A machine learning framework to support in-situ assessment of residual stress state
Author
Carla Ferreira Andrade Cunha
Advisor
- Advisor Jefferson de Oliveira Gomes
Defense Date
29/08/2025
Thesis Number
80610
Abstract
Electrification imposes new challenges on gear manufacturing, demanding more robust finishing processes to ensure surface integrity under higher loads and tighter tolerances. In this context, residual stress emerges as a key indicator due to its strong link to fatigue resistance and component durability. However, current residual stress measurement methods are unsuitable for high-productivity environments, creating a gap that demands innovative approaches. In response to these demands, this thesis presents a machine learning framework capable of predicting residual stress during gear grinding, using non-destructive instrumentation.
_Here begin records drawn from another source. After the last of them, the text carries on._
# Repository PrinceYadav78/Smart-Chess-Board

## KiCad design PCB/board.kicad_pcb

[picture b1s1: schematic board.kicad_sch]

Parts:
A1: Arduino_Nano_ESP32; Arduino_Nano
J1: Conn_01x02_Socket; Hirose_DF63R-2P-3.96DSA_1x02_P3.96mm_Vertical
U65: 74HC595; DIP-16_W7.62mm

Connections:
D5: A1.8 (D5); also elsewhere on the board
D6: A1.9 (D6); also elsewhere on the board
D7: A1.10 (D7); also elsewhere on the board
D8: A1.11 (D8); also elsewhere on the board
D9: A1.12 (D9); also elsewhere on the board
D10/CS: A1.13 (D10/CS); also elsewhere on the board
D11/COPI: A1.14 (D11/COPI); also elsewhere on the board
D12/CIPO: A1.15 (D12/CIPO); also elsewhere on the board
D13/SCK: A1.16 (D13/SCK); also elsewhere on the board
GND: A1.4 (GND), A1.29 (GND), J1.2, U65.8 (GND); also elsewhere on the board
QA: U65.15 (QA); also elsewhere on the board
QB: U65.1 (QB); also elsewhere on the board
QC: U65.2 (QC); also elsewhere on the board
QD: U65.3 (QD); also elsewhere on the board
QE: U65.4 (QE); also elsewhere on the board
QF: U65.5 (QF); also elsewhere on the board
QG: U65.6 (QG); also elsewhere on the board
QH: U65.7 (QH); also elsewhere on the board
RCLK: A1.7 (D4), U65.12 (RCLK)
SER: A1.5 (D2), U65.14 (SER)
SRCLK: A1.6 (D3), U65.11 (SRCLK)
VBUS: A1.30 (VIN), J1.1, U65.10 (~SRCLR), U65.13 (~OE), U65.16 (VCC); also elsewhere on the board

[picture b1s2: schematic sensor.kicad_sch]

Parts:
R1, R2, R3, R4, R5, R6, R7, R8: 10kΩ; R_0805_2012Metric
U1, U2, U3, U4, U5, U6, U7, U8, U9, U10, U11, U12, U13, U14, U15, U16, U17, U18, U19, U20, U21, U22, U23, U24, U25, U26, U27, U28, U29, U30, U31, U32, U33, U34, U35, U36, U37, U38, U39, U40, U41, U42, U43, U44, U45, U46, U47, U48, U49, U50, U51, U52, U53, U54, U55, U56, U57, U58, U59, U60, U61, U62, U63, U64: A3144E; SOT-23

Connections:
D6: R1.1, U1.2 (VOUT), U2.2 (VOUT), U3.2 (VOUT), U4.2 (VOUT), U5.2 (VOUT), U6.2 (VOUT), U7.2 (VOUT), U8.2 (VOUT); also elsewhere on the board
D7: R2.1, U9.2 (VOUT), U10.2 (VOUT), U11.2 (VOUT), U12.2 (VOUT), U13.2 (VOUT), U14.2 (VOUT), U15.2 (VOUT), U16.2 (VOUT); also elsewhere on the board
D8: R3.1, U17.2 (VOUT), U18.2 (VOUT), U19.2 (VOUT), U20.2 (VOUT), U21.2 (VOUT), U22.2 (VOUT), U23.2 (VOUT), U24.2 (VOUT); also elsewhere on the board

The research was structured into three phases: (1) the building of a comprehensive grinding dataset designed for machine learning; (2) the development of an ANN framework with pre-processing, feature selection via genetic algorithms, and hyperparameter optimization using grid search and cross-validation; and (3) a rigorous evaluation of model performance against experimental data using multiple error metrics while accounting for measurement uncertainty. A total of 678 samples were collected using online monitoring signals under finishing and roughing conditions selected to reflect a wide and realistic range of residual stress states observed in gear profile grinding. The best-performing models relied solely on process signals (grinding force and spindle current) from which features such as Energy, Slope, Skewness, MSF, and Kurtosis were extracted. These features captured critical aspects of the grinding interaction, including signal magnitude, trend, asymmetry, and frequency content. Such characteristics are directly related to near-surface deformation and the development of residual stresses, reinforcing their relevance for predictive modeling. Both models achieved MAE below 30 MPa (3.80%), RMSE below 40 MPa, and prediction errors ranging from 0.5 to 119.1 MPa (0.10% to 13.20%). Furthermore, the mean error was below the experimental uncertainty, with only 25% of predictions outside the defined limits. Thus, the framework meets industrial needs by providing average residual stress values for process compliance checks, with online and efficient execution, representing a solid first step toward its integration into intelligent, data-driven manufacturing systems.